***** Record excerpts *****

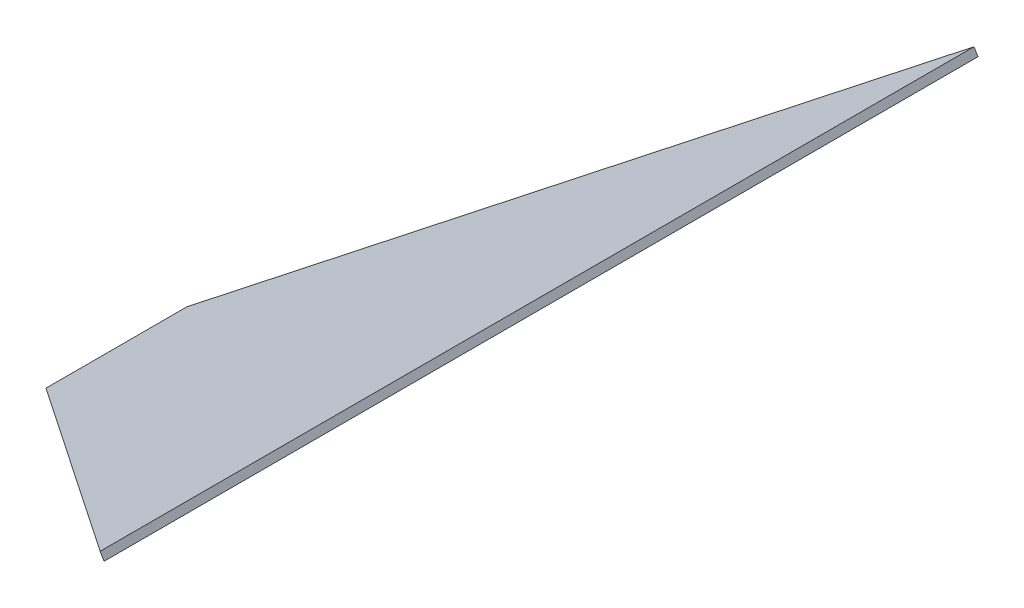
ISO-10303-21;
HEADER;
FILE_DESCRIPTION(('STEP AP214'),'2;1');
FILE_NAME('part.step','',(''),(''),'','','');
FILE_SCHEMA(('AUTOMOTIVE_DESIGN { 1 0 10303 214 1 1 1 1 }'));
ENDSEC;
DATA;
#1=APPLICATION_CONTEXT('core data for automotive mechanical design processes');
#2=APPLICATION_PROTOCOL_DEFINITION('international standard','automotive_design',2000,#1);
#3=PRODUCT_CONTEXT('',#1,'mechanical');
#4=PRODUCT('Part','Part','',(#3));
#5=PRODUCT_RELATED_PRODUCT_CATEGORY('part','',(#4));
#6=PRODUCT_DEFINITION_FORMATION('','',#4);
#7=PRODUCT_DEFINITION_CONTEXT('part definition',#1,'design');
#8=PRODUCT_DEFINITION('design','',#6,#7);
#9=PRODUCT_DEFINITION_SHAPE('','',#8);
#10=(LENGTH_UNIT() NAMED_UNIT(*) SI_UNIT(.MILLI.,.METRE.));
#11=(NAMED_UNIT(*) PLANE_ANGLE_UNIT() SI_UNIT($,.RADIAN.));
#12=(NAMED_UNIT(*) SI_UNIT($,.STERADIAN.) SOLID_ANGLE_UNIT());
#13=UNCERTAINTY_MEASURE_WITH_UNIT(LENGTH_MEASURE(1.E-05),#10,'distance_accuracy_value','');
#14=(GEOMETRIC_REPRESENTATION_CONTEXT(3) GLOBAL_UNCERTAINTY_ASSIGNED_CONTEXT((#13)) GLOBAL_UNIT_ASSIGNED_CONTEXT((#10,
#11,#12)) REPRESENTATION_CONTEXT('',''));
#15=CARTESIAN_POINT('',(0.,0.,0.));
#16=DIRECTION('',(0.,0.,1.));
#17=DIRECTION('',(1.,0.,0.));
#18=AXIS2_PLACEMENT_3D('',#15,#16,#17);
#19=CARTESIAN_POINT('',(385.585332177977,246.65988906546,711.2));
#20=DIRECTION('',(-0.857582250473721,-0.514346851523783,0.));
#21=DIRECTION('',(0.514346851523783,-0.857582250473721,0.));
#22=AXIS2_PLACEMENT_3D('',#19,#20,#21);
#23=PLANE('',#22);
#24=DIRECTION('',(0.,0.,-1.));
#25=VECTOR('',#24,1.);
#26=CARTESIAN_POINT('',(385.585332177977,246.65988906546,711.2));
#27=LINE('',#26,#25);
#28=CARTESIAN_POINT('',(385.585332177977,246.65988906546,707.582940077511));
#29=VERTEX_POINT('',#28);
#30=CARTESIAN_POINT('',(385.585332177977,246.65988906546,3.61705992248951));
#31=VERTEX_POINT('',#30);
#32=EDGE_CURVE('E84',#29,#31,#27,.T.);
#33=ORIENTED_EDGE('',*,*,#32,.F.);
#34=DIRECTION('',(-0.514346851523785,0.857582250473719,0.));
#35=VECTOR('',#34,1.);
#36=CARTESIAN_POINT('',(478.43044922822,91.8571053222388,707.582940077511));
#37=LINE('',#36,#35);
#38=CARTESIAN_POINT('',(388.8,241.3,707.582940077511));
#39=VERTEX_POINT('',#38);
#40=EDGE_CURVE('E70',#39,#29,#37,.T.);
#41=ORIENTED_EDGE('',*,*,#40,.F.);
#42=DIRECTION('',(0.,0.,-1.));
#43=VECTOR('',#42,1.);
#44=CARTESIAN_POINT('',(388.8,241.3,711.2));
#45=LINE('',#44,#43);
#46=CARTESIAN_POINT('',(388.8,241.3,3.61705992248962));
#47=VERTEX_POINT('',#46);
#48=EDGE_CURVE('E94',#39,#47,#45,.T.);
#49=ORIENTED_EDGE('',*,*,#48,.T.);
#50=DIRECTION('',(-0.514346851523785,0.857582250473719,0.));
#51=VECTOR('',#50,1.);
#52=CARTESIAN_POINT('',(478.43044922822,91.8571053222388,3.61705992248951));
#53=LINE('',#52,#51);
#54=EDGE_CURVE('E54',#47,#31,#53,.T.);
#55=ORIENTED_EDGE('',*,*,#54,.T.);
#56=EDGE_LOOP('',(#33,#41,#49,#55));
#57=FACE_BOUND('',#56,.T.);
#58=ADVANCED_FACE('F33',(#57),#23,.F.);
#59=CARTESIAN_POINT('',(46.7853321779767,43.4598890654619,711.2));
#60=DIRECTION('',(0.514346851523786,-0.857582250473719,0.));
#61=DIRECTION('',(0.857582250473719,0.514346851523786,0.));
#62=AXIS2_PLACEMENT_3D('',#59,#60,#61);
#63=PLANE('',#62);
#64=DIRECTION('',(0.,0.,-1.));
#65=VECTOR('',#64,1.);
#66=CARTESIAN_POINT('',(46.7853321779767,43.4598890654619,711.2));
#67=LINE('',#66,#65);
#68=CARTESIAN_POINT('',(46.7853321779766,43.4598890654619,412.372137738753));
#69=VERTEX_POINT('',#68);
#70=CARTESIAN_POINT('',(46.7853321779766,43.4598890654619,298.827862261247));
#71=VERTEX_POINT('',#70);
#72=EDGE_CURVE('E86',#69,#71,#67,.T.);
#73=ORIENTED_EDGE('',*,*,#72,.F.);
#74=DIRECTION('',(-0.68697227223074,-0.412021150287147,-0.598588062779563));
#75=VECTOR('',#74,1.);
#76=CARTESIAN_POINT('',(46.7853321779766,43.4598890654619,412.372137738753));
#77=LINE('',#76,#75);
#78=EDGE_CURVE('E73',#29,#69,#77,.T.);
#79=ORIENTED_EDGE('',*,*,#78,.F.);
#80=ORIENTED_EDGE('',*,*,#32,.T.);
#81=DIRECTION('',(0.68697227223074,0.412021150287147,-0.598588062779563));
#82=VECTOR('',#81,1.);
#83=CARTESIAN_POINT('',(46.7853321779766,43.4598890654619,298.827862261247));
#84=LINE('',#83,#82);
#85=EDGE_CURVE('E98',#71,#31,#84,.T.);
#86=ORIENTED_EDGE('',*,*,#85,.F.);
#87=EDGE_LOOP('',(#73,#79,#80,#86));
#88=FACE_BOUND('',#87,.T.);
#89=ADVANCED_FACE('F82',(#88),#63,.F.);
#90=CARTESIAN_POINT('',(50.0000000000003,38.1000000000011,711.2));
#91=DIRECTION('',(0.857582250473719,0.514346851523786,0.));
#92=DIRECTION('',(-0.514346851523786,0.857582250473719,0.));
#93=AXIS2_PLACEMENT_3D('',#90,#91,#92);
#94=PLANE('',#93);
#95=DIRECTION('',(0.,0.,-1.));
#96=VECTOR('',#95,1.);
#97=CARTESIAN_POINT('',(50.0000000000003,38.1000000000011,711.2));
#98=LINE('',#97,#96);
#99=CARTESIAN_POINT('',(50.0000000000003,38.1000000000011,412.372137738753));
#100=VERTEX_POINT('',#99);
#101=CARTESIAN_POINT('',(50.0000000000003,38.1000000000011,298.827862261247));
#102=VERTEX_POINT('',#101);
#103=EDGE_CURVE('E89',#100,#102,#98,.T.);
#104=ORIENTED_EDGE('',*,*,#103,.F.);
#105=DIRECTION('',(-0.514346851523785,0.857582250473719,0.));
#106=VECTOR('',#105,1.);
#107=CARTESIAN_POINT('',(139.63044922822,-111.34289467776,412.372137738753));
#108=LINE('',#107,#106);
#109=EDGE_CURVE('E47',#100,#69,#108,.T.);
#110=ORIENTED_EDGE('',*,*,#109,.T.);
#111=ORIENTED_EDGE('',*,*,#72,.T.);
#112=DIRECTION('',(-0.514346851523785,0.857582250473719,0.));
#113=VECTOR('',#112,1.);
#114=CARTESIAN_POINT('',(139.63044922822,-111.34289467776,298.827862261247));
#115=LINE('',#114,#113);
#116=EDGE_CURVE('E96',#102,#71,#115,.T.);
#117=ORIENTED_EDGE('',*,*,#116,.F.);
#118=EDGE_LOOP('',(#104,#110,#111,#117));
#119=FACE_BOUND('',#118,.T.);
#120=ADVANCED_FACE('F103',(#119),#94,.F.);
#121=CARTESIAN_POINT('',(50.0000000000003,38.1000000000011,711.2));
#122=DIRECTION('',(-0.514346851523785,0.857582250473719,0.));
#123=DIRECTION('',(-0.857582250473719,-0.514346851523785,0.));
#124=AXIS2_PLACEMENT_3D('',#121,#122,#123);
#125=PLANE('',#124);
#126=ORIENTED_EDGE('',*,*,#48,.F.);
#127=DIRECTION('',(-0.68697227223074,-0.412021150287147,-0.598588062779563));
#128=VECTOR('',#127,1.);
#129=CARTESIAN_POINT('',(172.882021738645,111.800197217511,519.444452468605));
#130=LINE('',#129,#128);
#131=EDGE_CURVE('E11',#39,#100,#130,.T.);
#132=ORIENTED_EDGE('',*,*,#131,.T.);
#133=ORIENTED_EDGE('',*,*,#103,.T.);
#134=DIRECTION('',(0.68697227223074,0.412021150287147,-0.598588062779563));
#135=VECTOR('',#134,1.);
#136=CARTESIAN_POINT('',(-119.572949491987,-63.6037288570576,446.583961654632));
#137=LINE('',#136,#135);
#138=EDGE_CURVE('E40',#102,#47,#137,.T.);
#139=ORIENTED_EDGE('',*,*,#138,.T.);
#140=EDGE_LOOP('',(#126,#132,#133,#139));
#141=FACE_BOUND('',#140,.T.);
#142=ADVANCED_FACE('F106',(#141),#125,.F.);
#143=CARTESIAN_POINT('',(139.63044922822,-111.34289467776,298.827862261247));
#144=DIRECTION('',(0.513338497985201,0.30788188545039,0.801057008644085));
#145=DIRECTION('',(0.841955336923125,0.,-0.53954722742932));
#146=AXIS2_PLACEMENT_3D('',#143,#144,#145);
#147=PLANE('',#146);
#148=ORIENTED_EDGE('',*,*,#116,.T.);
#149=ORIENTED_EDGE('',*,*,#85,.T.);
#150=ORIENTED_EDGE('',*,*,#54,.F.);
#151=ORIENTED_EDGE('',*,*,#138,.F.);
#152=EDGE_LOOP('',(#148,#149,#150,#151));
#153=FACE_BOUND('',#152,.T.);
#154=ADVANCED_FACE('F107',(#153),#147,.F.);
#155=CARTESIAN_POINT('',(139.63044922822,-111.34289467776,412.372137738753));
#156=DIRECTION('',(0.513338497985201,0.30788188545039,-0.801057008644085));
#157=DIRECTION('',(-0.841955336923125,0.,-0.53954722742932));
#158=AXIS2_PLACEMENT_3D('',#155,#156,#157);
#159=PLANE('',#158);
#160=ORIENTED_EDGE('',*,*,#40,.T.);
#161=ORIENTED_EDGE('',*,*,#78,.T.);
#162=ORIENTED_EDGE('',*,*,#109,.F.);
#163=ORIENTED_EDGE('',*,*,#131,.F.);
#164=EDGE_LOOP('',(#160,#161,#162,#163));
#165=FACE_BOUND('',#164,.T.);
#166=ADVANCED_FACE('F72',(#165),#159,.F.);
#167=CLOSED_SHELL('',(#58,#89,#120,#142,#154,#166));
#168=MANIFOLD_SOLID_BREP('B2',#167);
#169=ADVANCED_BREP_SHAPE_REPRESENTATION('',(#18,#168),#14);
#170=SHAPE_DEFINITION_REPRESENTATION(#9,#169);
ENDSEC;
END-ISO-10303-21;

*****

Required action: Your response should be made up of the lines in the data that contain the word "mechanical".

Answer box:
#1=APPLICATION_CONTEXT('core data for automotive mechanical design processes');
#3=PRODUCT_CONTEXT('',#1,'mechanical');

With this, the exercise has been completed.